Having failed to obtain a reconsideration of the decision, Mariano Zamora


appealed alleging that the Court of Tax Appeals erred (amongst other things, this
being the only relevant to the topic) in disallowing P10,478.50, as promotion
expenses incurred by his wife for the promotion of the Bay View Hotel and Farmacia
Zamora (which is of P20,957.00, supposed business expenses).

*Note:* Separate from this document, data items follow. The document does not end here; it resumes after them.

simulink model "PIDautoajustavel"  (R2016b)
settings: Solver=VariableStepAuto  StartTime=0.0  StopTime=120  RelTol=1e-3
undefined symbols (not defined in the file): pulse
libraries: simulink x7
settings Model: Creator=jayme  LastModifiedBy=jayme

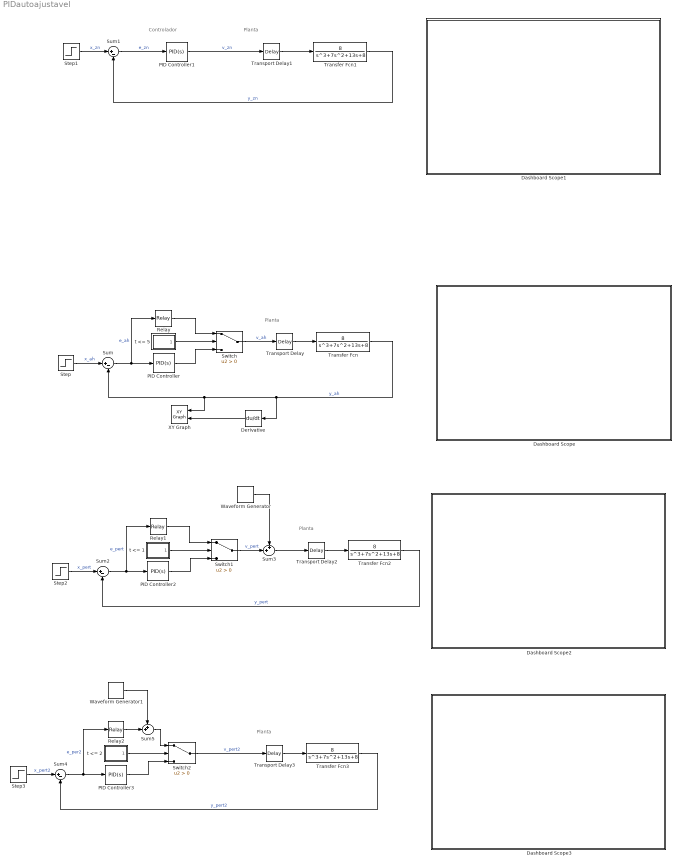
== system PIDautoajustavel ==
  note: Planta
  note: Controlador
  note: Planta
  note: Planta
  note: Planta
  Dashboard Scope : Subsystem  DialogController=hmiCreateDDGDialog  IsWebBlock=on  mask(MWDashboardBlock){webBlockId=38b65158-388b-4ba3-8cb3-0b69bfd1bb03, webBlockType=sdiscope, ShowInitialText=on, HMISrcModelName=PIDautoajustavel}
      mask prompts: webBlockId "WebBlock Id"; webBlockType "WebBlock Type"; HMISrcModelName "Source Model"
      mask help: SimulinkHMI:dialogs:HMIScopeDialogDesc
      mask Help: helpview([docroot '/mapfiles/simulink.map'], 'hmi_scope')
      mask Display:
      | if strcmp(get_param(bdroot(gcb),'BlockDiagramType'), 'library')
      |     image([(matlabroot) '/toolbox/simulink/hmi/icons/DashboardScope.png']);
      | end
  Dashboard Scope1 : Subsystem  DialogController=hmiCreateDDGDialog  IsWebBlock=on  mask(MWDashboardBlock){webBlockId=7bf14781-9dc7-45d6-87ad-77a4c9bf812c, webBlockType=sdiscope, ShowInitialText=on, HMISrcModelName=PIDautoajustavel}
      mask prompts: webBlockId "WebBlock Id"; webBlockType "WebBlock Type"; HMISrcModelName "Source Model"
      mask help: SimulinkHMI:dialogs:HMIScopeDialogDesc
      mask Help: helpview([docroot '/mapfiles/simulink.map'], 'hmi_scope')
      mask Display:
      | if strcmp(get_param(bdroot(gcb),'BlockDiagramType'), 'library')
      |     image([(matlabroot) '/toolbox/simulink/hmi/icons/DashboardScope.png']);
      | end
  Dashboard Scope2 : Subsystem  DialogController=hmiCreateDDGDialog  IsWebBlock=on  mask(MWDashboardBlock){webBlockId=0109d88c-cdcf-418c-b877-ddc8e0d965c3, webBlockType=sdiscope, ShowInitialText=on, HMISrcModelName=PIDautoajustavel}
      mask prompts: webBlockId "WebBlock Id"; webBlockType "WebBlock Type"; HMISrcModelName "Source Model"
      mask help: SimulinkHMI:dialogs:HMIScopeDialogDesc
      mask Help: helpview([docroot '/mapfiles/simulink.map'], 'hmi_scope')
      mask Display:
      | if strcmp(get_param(bdroot(gcb),'BlockDiagramType'), 'library')
      |     image([(matlabroot) '/toolbox/simulink/hmi/icons/DashboardScope.png']);
      | end
  Dashboard Scope3 : Subsystem  DialogController=hmiCreateDDGDialog  IsWebBlock=on  mask(MWDashboardBlock){webBlockId=3226eebf-eb62-4c45-9241-722631610188, webBlockType=sdiscope, ShowInitialText=on, HMISrcModelName=PIDautoajustavel}
      mask prompts: webBlockId "WebBlock Id"; webBlockType "WebBlock Type"; HMISrcModelName "Source Model"
      mask help: SimulinkHMI:dialogs:HMIScopeDialogDesc
      mask Help: helpview([docroot '/mapfiles/simulink.map'], 'hmi_scope')
      mask Display:
      | if strcmp(get_param(bdroot(gcb),'BlockDiagramType'), 'library')
      |     image([(matlabroot) '/toolbox/simulink/hmi/icons/DashboardScope.png']);
      | end
  Derivative : Derivative
  PID Controller : simulink/Continuous/PID Controller  Controller=PID  TimeDomain=Continuous-time  SampleTime=-1  IntegratorMethod=Forward Euler  FilterMethod=Forward Euler  Form=Parallel  UseFilter=on  ControllerParametersSource=internal  P=1.107  I=0.471  D=1.083  N=0.00000001  InitialConditionSource=internal  InitialConditionForIntegrator=0  InitialConditionForFilter=0  ExternalReset=none  LimitOutput=off  UpperSaturationLimit=inf  LowerSaturationLimit=-inf  LinearizeAsGain=on  AntiWindupMode=none  Kb=1  TrackingMode=off  Kt=1  PParamMin=[]  PParamMax=[]  IParamMin=[]  IParamMax=[]  DParamMin=[]  DParamMax=[]  NParamMin=[]  NParamMax=[]  KbParamMin=[]  KbParamMax=[]  KtParamMin=[]  KtParamMax=[]  POutMin=[]  POutMax=[]  IOutMin=[]  IOutMax=[]  DOutMin=[]  DOutMax=[]  NOutMin=[]  NOutMax=[]  KbOutMin=[]  KbOutMax=[]  KtOutMin=[]  KtOutMax=[]  IntegratorOutMin=[]  IntegratorOutMax=[]  FilterOutMin=[]  FilterOutMax=[]  SumOutMin=[]  SumOutMax=[]  SumI1OutMin=[]  SumI1OutMax=[]  SumI2OutMin=[]  SumI2OutMax=[]  SumI3OutMin=[]  SumI3OutMax=[]  SumDOutMin=[]  SumDOutMax=[]  SaturationOutMin=[]  SaturationOutMax=[]  IntegratorContinuousStateAttributes=''  IntegratorStateMustResolveToSignalObject=off  IntegratorRTWStateStorageClass=Auto  FilterContinuousStateAttributes=''  FilterStateMustResolveToSignalObject=off  FilterRTWStateStorageClass=Auto  DifferentiatorICPrevScaledInput=0  DifferentiatorOutMin=[]  DifferentiatorOutMax=[]
  PID Controller1 : simulink/Continuous/PID Controller  Controller=PID  TimeDomain=Continuous-time  SampleTime=-1  IntegratorMethod=Forward Euler  FilterMethod=Forward Euler  Form=Parallel  UseFilter=on  ControllerParametersSource=internal  P=1.14  I=0.465  D=1.159  N=0.0000001  InitialConditionSource=internal  InitialConditionForIntegrator=0  InitialConditionForFilter=0  ExternalReset=none  LimitOutput=off  UpperSaturationLimit=inf  LowerSaturationLimit=-inf  LinearizeAsGain=on  AntiWindupMode=none  Kb=1  TrackingMode=off  Kt=1  PParamMin=[]  PParamMax=[]  IParamMin=[]  IParamMax=[]  DParamMin=[]  DParamMax=[]  NParamMin=[]  NParamMax=[]  KbParamMin=[]  KbParamMax=[]  KtParamMin=[]  KtParamMax=[]  POutMin=[]  POutMax=[]  IOutMin=[]  IOutMax=[]  DOutMin=[]  DOutMax=[]  NOutMin=[]  NOutMax=[]  KbOutMin=[]  KbOutMax=[]  KtOutMin=[]  KtOutMax=[]  IntegratorOutMin=[]  IntegratorOutMax=[]  FilterOutMin=[]  FilterOutMax=[]  SumOutMin=[]  SumOutMax=[]  SumI1OutMin=[]  SumI1OutMax=[]  SumI2OutMin=[]  SumI2OutMax=[]  SumI3OutMin=[]  SumI3OutMax=[]  SumDOutMin=[]  SumDOutMax=[]  SaturationOutMin=[]  SaturationOutMax=[]  IntegratorContinuousStateAttributes=''  IntegratorStateMustResolveToSignalObject=off  IntegratorRTWStateStorageClass=Auto  FilterContinuousStateAttributes=''  FilterStateMustResolveToSignalObject=off  FilterRTWStateStorageClass=Auto  DifferentiatorICPrevScaledInput=0  DifferentiatorOutMin=[]  DifferentiatorOutMax=[]
  PID Controller2 : simulink/Continuous/PID Controller  Controller=PID  TimeDomain=Continuous-time  SampleTime=-1  IntegratorMethod=Forward Euler  FilterMethod=Forward Euler  Form=Parallel  UseFilter=on  ControllerParametersSource=internal  P=1.107  I=0.471  D=1.083  N=0.00000001  InitialConditionSource=internal  InitialConditionForIntegrator=0  InitialConditionForFilter=0  ExternalReset=none  LimitOutput=off  UpperSaturationLimit=inf  LowerSaturationLimit=-inf  LinearizeAsGain=on  AntiWindupMode=none  Kb=1  TrackingMode=off  Kt=1  PParamMin=[]  PParamMax=[]  IParamMin=[]  IParamMax=[]  DParamMin=[]  DParamMax=[]  NParamMin=[]  NParamMax=[]  KbParamMin=[]  KbParamMax=[]  KtParamMin=[]  KtParamMax=[]  POutMin=[]  POutMax=[]  IOutMin=[]  IOutMax=[]  DOutMin=[]  DOutMax=[]  NOutMin=[]  NOutMax=[]  KbOutMin=[]  KbOutMax=[]  KtOutMin=[]  KtOutMax=[]  IntegratorOutMin=[]  IntegratorOutMax=[]  FilterOutMin=[]  FilterOutMax=[]  SumOutMin=[]  SumOutMax=[]  SumI1OutMin=[]  SumI1OutMax=[]  SumI2OutMin=[]  SumI2OutMax=[]  SumI3OutMin=[]  SumI3OutMax=[]  SumDOutMin=[]  SumDOutMax=[]  SaturationOutMin=[]  SaturationOutMax=[]  IntegratorContinuousStateAttributes=''  IntegratorStateMustResolveToSignalObject=off  IntegratorRTWStateStorageClass=Auto  FilterContinuousStateAttributes=''  FilterStateMustResolveToSignalObject=off  FilterRTWStateStorageClass=Auto  DifferentiatorICPrevScaledInput=0  DifferentiatorOutMin=[]  DifferentiatorOutMax=[]
  PID Controller3 : simulink/Continuous/PID Controller  Controller=PID  TimeDomain=Continuous-time  SampleTime=-1  IntegratorMethod=Forward Euler  FilterMethod=Forward Euler  Form=Parallel  UseFilter=on  ControllerParametersSource=internal  P=1.107  I=0.471  D=1.083  N=0.00000001  InitialConditionSource=internal  InitialConditionForIntegrator=0  InitialConditionForFilter=0  ExternalReset=none  LimitOutput=off  UpperSaturationLimit=inf  LowerSaturationLimit=-inf  LinearizeAsGain=on  AntiWindupMode=none  Kb=1  TrackingMode=off  Kt=1  PParamMin=[]  PParamMax=[]  IParamMin=[]  IParamMax=[]  DParamMin=[]  DParamMax=[]  NParamMin=[]  NParamMax=[]  KbParamMin=[]  KbParamMax=[]  KtParamMin=[]  KtParamMax=[]  POutMin=[]  POutMax=[]  IOutMin=[]  IOutMax=[]  DOutMin=[]  DOutMax=[]  NOutMin=[]  NOutMax=[]  KbOutMin=[]  KbOutMax=[]  KtOutMin=[]  KtOutMax=[]  IntegratorOutMin=[]  IntegratorOutMax=[]  FilterOutMin=[]  FilterOutMax=[]  SumOutMin=[]  SumOutMax=[]  SumI1OutMin=[]  SumI1OutMax=[]  SumI2OutMin=[]  SumI2OutMax=[]  SumI3OutMin=[]  SumI3OutMax=[]  SumDOutMin=[]  SumDOutMax=[]  SaturationOutMin=[]  SaturationOutMax=[]  IntegratorContinuousStateAttributes=''  IntegratorStateMustResolveToSignalObject=off  IntegratorRTWStateStorageClass=Auto  FilterContinuousStateAttributes=''  FilterStateMustResolveToSignalObject=off  FilterRTWStateStorageClass=Auto  DifferentiatorICPrevScaledInput=0  DifferentiatorOutMin=[]  DifferentiatorOutMax=[]
  Relay : Relay  OnSwitchValue=0  OffSwitchValue=0  OffOutputValue=-1
  Relay1 : Relay  OnSwitchValue=0  OffSwitchValue=0  OffOutputValue=-1
  Relay2 : Relay  OnSwitchValue=0  OffSwitchValue=0  OffOutputValue=-1
  Step{,1..3} (4 alike) : Step  Time=80  SampleTime=0
  Sum{,1..2,4} (4 alike) : Sum  Inputs=|+-
  Sum3 : Sum  Inputs=++|
  Sum5 : Sum  Inputs=++|
  Switch : Switch  Criteria=u2 > Threshold
  Switch1 : Switch  Criteria=u2 > Threshold
  Switch2 : Switch  Criteria=u2 > Threshold
  Transfer Fcn{,1..3} (4 alike) : TransferFcn  Numerator=[8]  Denominator=[1 7 13 8]
  Transport Delay{,1..3} (4 alike) : TransportDelay
  Waveform Generator : simulink/Sources/Waveform Generator  OutMin=[]  OutMax=[]  OutDataTypeStr=double  SelectedSignal=1  Signals=pulse('Amplitude',1,'TriggerTime',30,'Duration',2)  BlockNames=MultiportSwitch_c9fa51b22c534c8  SampleTime=0.1
  Waveform Generator1 : simulink/Sources/Waveform Generator  OutMin=[]  OutMax=[]  OutDataTypeStr=double  SelectedSignal=1  Signals=gaussian('Mean',0,'Variance',5,'Seed',1)#  BlockNames=MultiportSwitch_7c7d636642ed46e#MultiportSwitch_15035ff7117c4d3  SampleTime=0.1
  XY Graph : simulink/Sinks/XY Graph  xmin=-1  xmax=2  ymin=-1.5  ymax=1.5  st=-1
  t <= 1 : Subsystem
  t <= 2 : Subsystem
  t <= 5 : Subsystem
  wires:
  Step/1 -> Sum/1  "x_ah"
  Sum/1 -> PID Controller/1, Relay/1  "e_ah"
  Transfer Fcn/1 -> Derivative/1, XY Graph/1, Sum/2  "y_ah"
  Transport Delay/1 -> Transfer Fcn/1
  Switch/1 -> Transport Delay/1  "v_ah"
  PID Controller/1 -> Switch/3
  t <= 5/1(t <= 40) -> Switch/2
  Relay/1 -> Switch/1
  Step1/1 -> Sum1/1  "x_zn"
  Sum1/1 -> PID Controller1/1  "e_zn"
  Transfer Fcn1/1 -> Sum1/2  "y_zn"
  Transport Delay1/1 -> Transfer Fcn1/1
  PID Controller1/1 -> Transport Delay1/1  "v_zn"
  Step2/1 -> Sum2/1  "x_pert"
  Sum2/1 -> PID Controller2/1, Relay1/1  "e_pert"
  Transfer Fcn2/1 -> Sum2/2  "y_pert"
  Transport Delay2/1 -> Transfer Fcn2/1
  PID Controller2/1 -> Switch1/3
  t <= 1/1(t <= 20) -> Switch1/2
  Relay1/1 -> Switch1/1
  Switch1/1 -> Sum3/2  "v_pert"
  Sum3/1 -> Transport Delay2/1
  Waveform Generator/1 -> Sum3/1
  Derivative/1 -> XY Graph/2
  Step3/1 -> Sum4/1  "x_pert2"
  Sum4/1 -> PID Controller3/1, Relay2/1  "e_per2"
  Transfer Fcn3/1 -> Sum4/2  "y_pert2"
  Transport Delay3/1 -> Transfer Fcn3/1
  PID Controller3/1 -> Switch2/3
  t <= 2/1(t <= 20) -> Switch2/2
  Relay2/1 -> Sum5/2
  Sum5/1 -> Switch2/1
  Waveform Generator1/1 -> Sum5/1
  Switch2/1 -> Transport Delay3/1  "v_pert2"

== system PIDautoajustavel/Dashboard Scope ==

== system PIDautoajustavel/Dashboard Scope1 ==

== system PIDautoajustavel/Dashboard Scope2 ==

== system PIDautoajustavel/Dashboard Scope3 ==

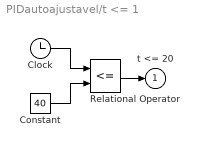
== system PIDautoajustavel/t <= 1 ==
  Clock : Clock
  Constant : Constant  Value=40
  Relational Operator : RelationalOperator  Operator=<=  RndMeth=Nearest  InputSameDT=on
  t <= 20 : Outport  InitialOutput=0
  wires:
  Constant/1 -> Relational Operator/2
  Clock/1 -> Relational Operator/1
  Relational Operator/1 -> t <= 20/1

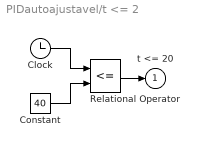
== system PIDautoajustavel/t <= 2 ==
  Clock : Clock
  Constant : Constant  Value=40
  Relational Operator : RelationalOperator  Operator=<=  RndMeth=Nearest  InputSameDT=on
  t <= 20 : Outport  InitialOutput=0
  wires:
  Constant/1 -> Relational Operator/2
  Clock/1 -> Relational Operator/1
  Relational Operator/1 -> t <= 20/1

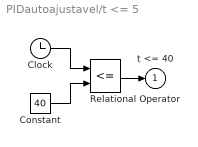
== system PIDautoajustavel/t <= 5 ==
  Clock : Clock
  Constant : Constant  Value=40
  Relational Operator : RelationalOperator  Operator=<=  RndMeth=Nearest  InputSameDT=on
  t <= 40 : Outport  InitialOutput=0
  wires:
  Constant/1 -> Relational Operator/2
  Clock/1 -> Relational Operator/1
  Relational Operator/1 -> t <= 40/1

Note: He contends that the whole amount of P20,957.00 as promotion expenses in


his 1951 income tax returns, should be allowed and not merely one-half of it or
P10,478.50, on the ground that, while not all the itemized expenses are supported
by receipts, the absence of some supporting receipts has been sufficiently and
satisfactorily established. For, as alleged, the said amount of P20,957.00 was spent
by Mrs. Esperanza A. Zamora (wife of Mariano), during her travel to Japan and the
United States to purchase machinery for a new Tiki-Tiki plant, and to observe hotel
management in modern hotels. The CTA, however, found that for said trip Mrs.
Zamora obtained only the sum of P5,000.00 from the Central Bank and that in her
application for dollar allocation, she stated that she was going abroad on a
combined medical and business trip, which facts were not denied by Mariano
Zamora. No evidence had been submitted as to where Mariano had obtained the
amount in excess of P5,000.00 given to his wife which she spent abroad. No
explanation had been made either that the statement contained in Mrs. Zamora's
application for dollar allocation that she was going abroad on a combined medical
and business trip, was not correct. The alleged expenses were not supported by
receipts. Mrs. Zamora could not even remember how much money she had when
she left abroad in 1951, and how the alleged amount of P20,957.00 was spent.

ISSUE:
Whether or not the CTA erred in disallowing P10,478.50 as promotion expenses
incurred by his wife for the promotion of the Bay View Hotel and Farmacia Zamora in
the absence of receipts proving the same.

HELD: NO

Section 30, of the Tax Code, provides that in computing net income, there shall be
allowed as deductions all the ordinary and necessary expenses paid or incurred
during the taxable year, in carrying on any trade or business. Since promotion
expenses constitute one of the deductions in conducting a business, same must
testify these requirements. Claim for the deduction of promotion expenses or
entertainment expenses must also be substantiated or supported by record showing
in detail the amount and nature of the expenses incurred (N.H. Van Socklan, Jr. v.
Comm. of Int. Rev.; 33 BTA 544). Considering, as heretofore stated, that the
application of Mrs. Zamora for dollar allocation shows that she went abroad on a
combined medical and business trip, not all of her expenses came under the
category of ordinary and necessary expenses; part thereof constituted her personal
expenses. There having been no means by which to ascertain which expense was
incurred by her in connection with the business of Mariano Zamora and which was
incurred for her personal benefit, the Collector and the CTA in their decisions,
considered 50% of the said amount of P20,957.00 as business expenses and the
other 50%, as her personal expenses. We hold that said allocation is very fair to
Mariano Zamora, there having been no receipt whatsoever, submitted to explain the
alleged business expenses, or proof of the connection which said expenses had to
the business or the reasonableness of the said amount of P20,957.00. While in
situations like the present, absolute certainty is usually not possible, the CTA should
make as close an approximation as it can, bearing heavily, if it chooses, upon the
taxpayer whose inexactness is of his own making.